You should use freetype , its commonly installed in all the Linuxes.
I'm attempting to build a control-flow graph of the assembly results that are returned via a call to objdump -d . Currently the best method I've come up with is to put each line of the result into a linked list, and separate out the memory address, opcode, and operands for each line. I'm separating them out by relying on the regular nature of objdump results (the memory address is from character 2 to character 7 in the string that represents each line) .
Once this is done I start the actual CFG instruction. Each node in the CFG holds a starting and ending memory address, a pointer to the previous basic block, and pointers to any child basic blocks. I'm then going through the objdump results and comparing the opcode against an array of all control-flow opcodes in x86_64. If the opcode is a control-flow one, I record the address as the end of the basic block, and depending on the opcode either add two child pointers (conditional opcode) or one (call or return ) .
I'm in the process of implementing this in C, and it seems like it will work but feels very tenuous. Does anyone have any suggestions, or anything that I'm not taking into account?
Thanks for taking the time to read this!
edit:
The idea is to use it to compare stack traces of system calls generated by DynamoRIO against the expected CFG for a target binary, I'm hoping that building it like this will facilitate that. I haven't re-used what's available because A) I hadn't really though about it and B) I need to get the graph into a usable data structure so I can do path comparisons. I'm going to take a look at some of the utilities on the page you lined to, thanks for pointing me in the right direction. Thanks for your comments, I really appreciate it!
You should use an IL that was designed for program analysis. There are a few.
The DynInst project (dyninst.org) has a lifter that can translate from ELF binaries into CFGs for functions/programs (or it did the last time I looked). DynInst is written in C++.
BinNavi uses the ouput from IDA (the Interactive Disassembler) to build an IL out of control flow graphs that IDA identifies. I would also recommend a copy of IDA, it will let you spot check CFGs visually. Once you have a program in BinNavi you can get its IL representation of a function/CFG.
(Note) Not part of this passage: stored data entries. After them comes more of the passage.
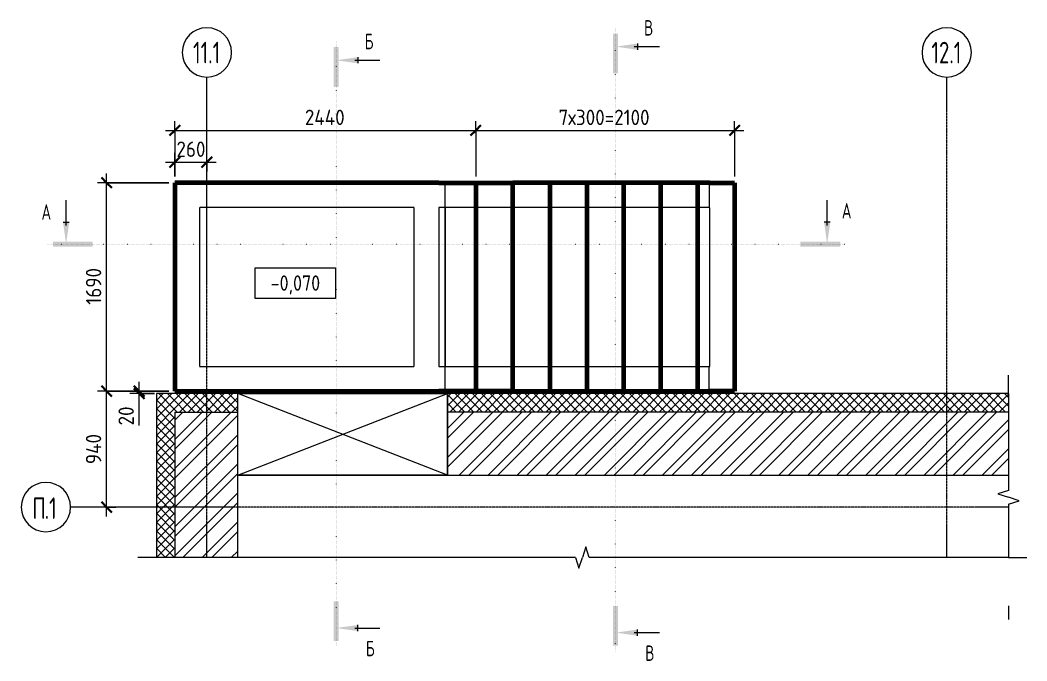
# Model space of a CAD drawing. Header units: millimetres. Extents: x 28039 to 90647, y -4005 to 79470.
# Drawn here: x 48295 to 56459, y 74148 to 79343 of the extents above; entities that cross this region are included whole.
import ezdxf

# ---------------------------------------------------------------- set-up
doc = ezdxf.new("R2010")
doc.units = ezdxf.units.MM
for name, pattern in [('01 Штриховая _4 мм_', [6, 3.5, -2.5]), ('02 Штрихпунктирная _20 мм_', [25, 20, -2.5, 0, -2.5]), ('04 Пунктир 10мм', [10, 0, -10])]:
    doc.linetypes.add(name, pattern=pattern)
for name, color, linetype, lineweight in [('AA_Dim', 7, 'Continuous', 9), ('AA_Dim-50', 7, 'Continuous', 9), ('AA_Oformlenie', 7, 'Continuous', 9), ('AA_Razrez', 7, 'Continuous', 9), ('AA_Vinoska', 7, 'Continuous', 9), ('AA_Visotnaya otmetka', 7, 'Continuous', 9), ('AF_Stena', 7, 'Continuous', 9), ('Оси', 7, 'Continuous', 9)]:
    doc.layers.add(name, color=color, linetype=linetype, lineweight=lineweight)
for name, color, linetype, lineweight, true_color in [('AF_Okno', 7, 'Continuous', 20, 0xff9d3c), ('AF_Perekritie', 7, 'Continuous', 60, 0x006a35), ('AF_Perekritie_Опалубка', 7, 'Continuous', 60, 0x006a35), ('AF_Stena_Опалубка', 7, 'Continuous', 20, 0x0063c6), ('KR_Fundament', 7, 'Continuous', 20, 0x804000)]:
    doc.layers.add(name, color=color, linetype=linetype, lineweight=lineweight, true_color=true_color)
doc.styles.add('ISOCPEUR', font='isocpeur.TTF', dxfattribs={"width": 0.7, "height": 175})
doc.styles.add('ISOCPEUR_1', font='isocpeur.TTF', dxfattribs={"width": 0.7, "height": 125})
doc.styles.add('ISOCPEUR_2', font='isocpeur.TTF', dxfattribs={"width": 0.9, "height": 125})
doc.styles.add('ISOCPEUR_3', font='isocpeur.TTF', dxfattribs={"width": 0.85, "height": 125})
doc.dimstyles.new('00_Точн_3_знака__прозр_', dxfattribs={"dimscale": 304.8, "dimtxt": 125.344371, "dimasz": 0.278871, "dimexe": 0.246063, "dimexo": 0.164042, "dimgap": 0.016404, "dimtad": 1, "dimdec": 3, "dimrnd": 0.001, "dimdsep": 46, "dimtxsty": 'ISOCPEUR_2', "dimblk1": 'OBLIQUE', "dimblk2": 'OBLIQUE', "dimsah": 1, "dimcen": 0.09, "dimdle": 0.246063, "dimazin": 0, "dimtfac": 1, "dimtdec": 4, "dimtix": 1, "dimtmove": 0, "dimatfit": 3, "dimfxl": 1, "dimtvp": 1, "dimtolj": 1, "dimtzin": 0, "dimlwd": 18, "dimlwe": 18, "dimarcsym": 2})
doc.dimstyles.new('00_Точн_3_знака__прозр__1', dxfattribs={"dimscale": 304.8, "dimtxt": 125.344371, "dimasz": 0.278871, "dimexe": 0.246063, "dimexo": 0.164042, "dimgap": 0.016404, "dimtad": 1, "dimdec": 3, "dimrnd": 0.001, "dimdsep": 46, "dimtxsty": 'ISOCPEUR_2', "dimblk1": 'OBLIQUE', "dimblk2": 'OBLIQUE', "dimsah": 1, "dimcen": 0.09, "dimdle": 0.246063, "dimazin": 0, "dimtfac": 1, "dimtdec": 4, "dimtix": 1, "dimtmove": 1, "dimatfit": 3, "dimfxl": 1, "dimtvp": 1, "dimtolj": 1, "dimtzin": 0, "dimlwd": 18, "dimlwe": 18, "dimarcsym": 2})
pattern_1 = [(45, (19809.42, 0), (-117.8655, 117.8655), []), (45, (19888, 0), (-117.8655, 117.8655), [])]
pattern_2 = [(45, (19809.425, 0), (-35.35534, 35.35534), []), (135, (19809.425, 0), (-35.35534, -35.35534), [])]

# ---------------------------------------------------------------- blocks, each defined once
blk = doc.blocks.new('231_Отверстие прямоугольное _Окно_Стена_ - Проем сущ_-3702003-План на отм_ 0_000 Опл')
at = {"layer": 'AA_Oformlenie', "lineweight": 20}
for p, q in [((-725, -330), (-725, 330)), ((-725, 330), (975, 330)), ((-725, 330), (-725, -330)), ((975, 330), (-725, 330)), ((975, 330), (-725, -330)), ((-725, 330), (975, -330)), ((975, 330), (975, -330)), ((975, 330), (975, -330)), ((975, -330), (-725, -330)), ((-725, -330), (975, -330))]:
    blk.add_line(p, q, dxfattribs=at)
at = {"layer": 'AF_Okno', "color": 7}
for p, q in [((635, 330), (-725, 330)), ((-385, -330), (975, -330))]:
    blk.add_line(p, q, dxfattribs=at)
blk = doc.blocks.new('Ktcnybwf - Лестница-3686718-План на отм_ 0_000 Опл')
at = {"layer": 'AF_Perekritie'}
for p, q in [((31880.1, 78025), (32180.1, 78025)), ((32180.1, 78025), (32480.1, 78025)), ((32180.1, 78025), (32180.1, 76335)), ((34080.1, 78025), (32480.1, 78025)), ((32480.1, 76335), (32480.1, 78025)), ((32780.1, 78025), (32780.1, 76335)), ((33080.1, 78025), (33080.1, 76335)), ((33380.1, 78025), (33380.1, 76335)), ((33680.1, 78025), (33680.1, 76335)), ((33980.1, 78025), (33980.1, 76335)), ((34080.1, 78025), (34280.1, 78025)), ((34280.1, 78025), (34280.1, 76335)), ((32180.1, 76335), (31880.1, 76335)), ((32480.1, 76335), (32180.1, 76335)), ((32480.1, 76335), (34080.1, 76335)), ((34280.1, 76335), (34080.1, 76335))]:
    blk.add_line(p, q, dxfattribs=at)
blk = doc.blocks.new('011_ЛинияОбрыва _ЭлУзла_Линия_ - Тип 1-3687774-План на отм_ 0_000 Опл')
at = {"layer": 'AA_Oformlenie'}
for p, q in [((0, 0), (785, 0)), ((896.3, 0), (1328.5, 0))]:
    blk.add_line(p, q, dxfattribs=at)
blk = doc.blocks.new('011_ЛинияОбрыва _ЭлУзла_Линия_ - Тип 1-3687814-План на отм_ 0_000 Опл')
at = {"layer": 'AA_Oformlenie'}
for p, q in [((0, 0), (3400, 0)), ((3511.3, 0), (6910, 0))]:
    blk.add_line(p, q, dxfattribs=at)
blk = doc.blocks.new('Ось сетки - d_4мм-2765513-План на отм_ 0_000 Опл')
at = {"layer": 'Оси', "color": 12, "true_color": 0xc80000}
for start, end in [(360, 180), (360, 180), (180, 360), (180, 360)]:
    blk.add_arc((0, 0), 4, start, end, dxfattribs=at)
blk = doc.blocks.new('Разрез - Номер узла_ сзади-394133-План на отм_ 0_000 Опл')
at = {"layer": 'AA_Razrez'}
for points in [[(7.33, 0.4), (7.33, -0.39), (0.87, -0.39), (0.87, 0.4)], [(3.5, -3.53), (2.5, -3.53), (3, 0)]]:
    blk.add_hatch(color=256, dxfattribs=at).paths.add_polyline_path(points)
for p, q in [((3, -3), (3, -7.1)), ((2.5, -3.53), (3.5, -3.53))]:
    blk.add_line(p, q, dxfattribs=at)
blk = doc.blocks.new('Разрез - Номер узла_ спереди-394134-План на отм_ 0_000 Опл')
at = {"layer": 'AA_Razrez'}
for points in [[(7.33, 0.4), (7.33, -0.39), (0.87, -0.39), (0.87, 0.4)], [(3.5, -3.53), (2.5, -3.53), (3, 0)]]:
    blk.add_hatch(color=256, dxfattribs=at).paths.add_polyline_path(points)
for p, q in [((3, -3), (3, -7.1)), ((2.5, -3.53), (3.5, -3.53))]:
    blk.add_line(p, q, dxfattribs=at)
blk = doc.blocks.new('DIMBLOCK20-План на отм_ 0_000 Опл')
at = {"layer": 'AA_Dim-50', "color": 30, "lineweight": 30, "true_color": 0xff8000, "transparency": 16777216}
for p, q in [((48996, 76335), (48953.5, 76377.5)), ((48996, 76335), (49038.5, 76292.5)), ((48996, 75395), (48953.5, 75437.5)), ((48996, 75395), (49038.5, 75352.5))]:
    blk.add_line(p, q, dxfattribs=at)
at = {"layer": 'AA_Dim-50', "color": 30, "lineweight": 18, "true_color": 0xff8000, "transparency": 16777216}
for p, q in [((49499.5, 76335), (48921, 76335)), ((48996, 75320), (48996, 76335)), ((48996, 76335), (49499.5, 76335)), ((48985.9, 75395), (49071, 75395)), ((48996, 75395), (48985.9, 75395))]:
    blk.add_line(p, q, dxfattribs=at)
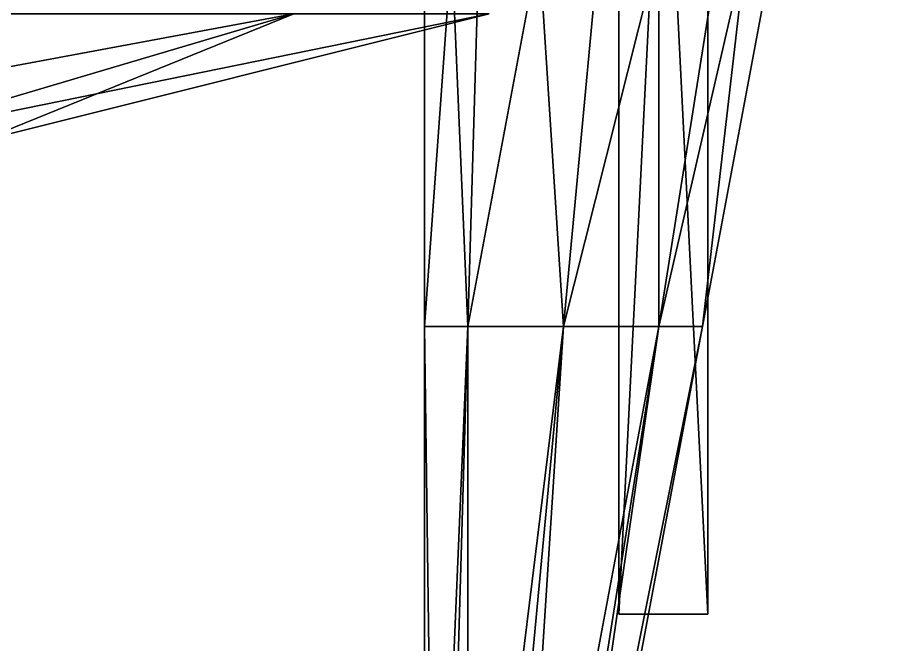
# Model space of a CAD drawing. Header units: metres. Extents: x -1.99 to 2.18, y -3.57 to 1.69.
# Drawn here: x 0.788 to 1.675, y -0.322 to 0.313 of the extents above; entities that cross this region are included whole.
import ezdxf

# ---------------------------------------------------------------- set-up
doc = ezdxf.new("R2010")
doc.units = ezdxf.units.M

msp = doc.modelspace()

# ---------------------------------------------------------------- linework, layer by layer
at = {"layer": 'Prism'}
for points in [[(1.39662, -0.29121, 0), (1.48662, 1.50879, -0.50625), (1.39662, 1.50879, -0.50625)], [(1.39662, -0.29121, 0), (1.48662, -0.29121, 0), (1.48662, 1.50879, -0.50625)], [(1.39662, 1.50879, 0.50625), (1.48662, -0.29121, 0), (1.39662, -0.29121, 0)], [(1.39662, 1.50879, 0.50625), (1.48662, 1.50879, 0.50625), (1.48662, -0.29121, 0)], [(1.39662, -0.29121, 0), (1.39662, 1.50879, -0.50625), (1.39662, 1.50879, 0.50625)], [(1.48662, 1.50879, -0.50625), (1.48662, -0.29121, 0), (1.48662, 1.50879, 0.50625)]]:
    msp.add_3dface(points, dxfattribs=at)
at = {"layer": 'Pyramid'}
for points in [[(0.375, 0.1875, 0.075), (1.06787, 0.31641, 0.03955), (0.63281, 0.1875, 0.02344)], [(0.375, 0.1875, 0.075), (0.63281, 0.31641, 0.12656), (1.06787, 0.31641, 0.03955)], [(0.63281, 0.1875, -0.02344), (1.06787, 0.31641, -0.03955), (0.63281, 0.31641, -0.12656)], [(0.75, 0.1875, 0), (1.06787, 0.31641, -0.03955), (0.63281, 0.1875, -0.02344)], [(0.63281, 0.1875, 0.02344), (1.26562, 0.31641, 0), (0.75, 0.1875, 0)], [(0.63281, 0.1875, 0.02344), (1.06787, 0.31641, 0.03955), (1.26562, 0.31641, 0)], [(0.75, 0.1875, 0), (1.26562, 0.31641, 0), (1.06787, 0.31641, -0.03955)]]:
    msp.add_3dface(points, dxfattribs=at)
at = {"layer": 'Pyramid 1'}
for points in [[(1.2, 0, 0.29004), (1.2, 1.03125, 0.71191), (1.2, 0, 0.42188)], [(1.2, 0, 0.29004), (1.2, 1.03125, 0.48944), (1.2, 1.03125, 0.71191)], [(1.2, 0, 0), (1.2, 1.03125, 0.48944), (1.2, 0, 0.29004)], [(1.2, 0, 0), (1.2, 1.03125, 0), (1.2, 1.03125, 0.48944)], [(1.2, 0, -0.29004), (1.2, 1.03125, 0), (1.2, 0, 0)], [(1.2, 0, -0.29004), (1.2, 1.03125, -0.48944), (1.2, 1.03125, 0)], [(1.2, 0, -0.42188), (1.2, 1.03125, -0.48944), (1.2, 0, -0.29004)], [(1.2, 0, -0.42188), (1.2, 1.03125, -0.71191), (1.2, 1.03125, -0.48944)], [(1.24394, 0, -0.35596), (1.2, 1.03125, -0.71191), (1.2, 0, -0.42188)], [(1.24394, 0, -0.35596), (1.27416, 1.03125, -0.60068), (1.2, 1.03125, -0.71191)], [(1.2, 0, 0.42188), (1.27416, 1.03125, 0.60068), (1.24394, 0, 0.35596)], [(1.2, 0, 0.42188), (1.2, 1.03125, 0.71191), (1.27416, 1.03125, 0.60068)], [(1.34062, 0, -0.21094), (1.27416, 1.03125, -0.60068), (1.24394, 0, -0.35596)], [(1.24394, 0, 0.35596), (1.4373, 1.03125, 0.35596), (1.34062, 0, 0.21094)], [(1.24394, 0, 0.35596), (1.27416, 1.03125, 0.60068), (1.4373, 1.03125, 0.35596)], [(1.34062, 0, -0.21094), (1.4373, 1.03125, -0.35596), (1.27416, 1.03125, -0.60068)], [(1.4373, 0, -0.06592), (1.4373, 1.03125, -0.35596), (1.34062, 0, -0.21094)], [(1.34062, 0, 0.21094), (1.60045, 1.03125, 0.11124), (1.4373, 0, 0.06592)], [(1.34062, 0, 0.21094), (1.4373, 1.03125, 0.35596), (1.60045, 1.03125, 0.11124)], [(1.4373, 0, -0.06592), (1.60045, 1.03125, -0.11124), (1.4373, 1.03125, -0.35596)], [(1.48125, 0, 0), (1.60045, 1.03125, -0.11124), (1.4373, 0, -0.06592)], [(1.4373, 0, 0.06592), (1.67461, 1.03125, 0), (1.48125, 0, 0)], [(1.4373, 0, 0.06592), (1.60045, 1.03125, 0.11124), (1.67461, 1.03125, 0)], [(1.48125, 0, 0), (1.67461, 1.03125, 0), (1.60045, 1.03125, -0.11124)], [(1.2, -1.03125, 0.09064), (1.2, 0, 0.42188), (1.2, -1.03125, 0.13184)], [(1.2, -1.03125, 0.09064), (1.2, 0, 0.29004), (1.2, 0, 0.42188)], [(1.2, -1.03125, 0), (1.2, 0, 0.29004), (1.2, -1.03125, 0.09064)], [(1.2, -1.03125, 0), (1.2, 0, 0), (1.2, 0, 0.29004)], [(1.2, -1.03125, -0.09064), (1.2, 0, 0), (1.2, -1.03125, 0)], [(1.2, -1.03125, -0.09064), (1.2, 0, -0.29004), (1.2, 0, 0)], [(1.2, -1.03125, -0.13184), (1.2, 0, -0.29004), (1.2, -1.03125, -0.09064)], [(1.2, -1.03125, -0.13184), (1.2, 0, -0.42188), (1.2, 0, -0.29004)], [(1.21373, -1.03125, -0.11124), (1.2, 0, -0.42188), (1.2, -1.03125, -0.13184)], [(1.21373, -1.03125, -0.11124), (1.24394, 0, -0.35596), (1.2, 0, -0.42188)], [(1.2, -1.03125, 0.13184), (1.24394, 0, 0.35596), (1.21373, -1.03125, 0.11124)], [(1.2, -1.03125, 0.13184), (1.2, 0, 0.42188), (1.24394, 0, 0.35596)], [(1.24395, -1.03125, -0.06592), (1.24394, 0, -0.35596), (1.21373, -1.03125, -0.11124)], [(1.21373, -1.03125, 0.11124), (1.34062, 0, 0.21094), (1.24395, -1.03125, 0.06592)], [(1.21373, -1.03125, 0.11124), (1.24394, 0, 0.35596), (1.34062, 0, 0.21094)], [(1.24395, -1.03125, -0.06592), (1.34062, 0, -0.21094), (1.24394, 0, -0.35596)], [(1.27416, -1.03125, -0.0206), (1.34062, 0, -0.21094), (1.24395, -1.03125, -0.06592)], [(1.24395, -1.03125, 0.06592), (1.4373, 0, 0.06592), (1.27416, -1.03125, 0.0206)], [(1.24395, -1.03125, 0.06592), (1.34062, 0, 0.21094), (1.4373, 0, 0.06592)], [(1.27416, -1.03125, -0.0206), (1.4373, 0, -0.06592), (1.34062, 0, -0.21094)], [(1.28789, -1.03125, 0), (1.4373, 0, -0.06592), (1.27416, -1.03125, -0.0206)], [(1.27416, -1.03125, 0.0206), (1.48125, 0, 0), (1.28789, -1.03125, 0)], [(1.27416, -1.03125, 0.0206), (1.4373, 0, 0.06592), (1.48125, 0, 0)], [(1.28789, -1.03125, 0), (1.48125, 0, 0), (1.4373, 0, -0.06592)]]:
    msp.add_3dface(points, dxfattribs=at)

doc.saveas('drawing.dxf')

Function pointers are just the start of your troubles for statically identifying the control flow graph. Jump tables (the kinds generated for switch case statements in certain cases, by hand in others) throw a wrench in as well. Every code analysis framework I know of deals with those in a very heuristics-heavy approach. Then you have exceptions and exception handling, and also self-modifying code.
Good luck! You're getting a lot of information out of the DynamoRIO trace already, I suggest you utilize as much information as you can from that trace...
I found your question since I was interested in looking for the same thing.
I found nothing and wrote a simple python script for this and threw it on github:
https://github.com/zestrada/playground/blob/master/objdump_cfg/objdump_to_cfg.py
Note that I have some heuristics to deal with functions that never return, the gcc stack protector on 32bit x86, etc... You may or may not want such things.
I treat indirect calls similar to how you do (basically have a node in the graph that is a source when returning from an indirect).
Hopefully this is helpful for anyone looking to do similar analysis with similar restrictions.
I was also facing a similar issue in the past and wrote asm2cfg tool for this purpose: https://github.com/Kazhuu/asm2cfg. Tool has support for GDB disassembly and objdump inputs and spits out CFG as a dot or pdf.
Hopefully someone finds this helpful!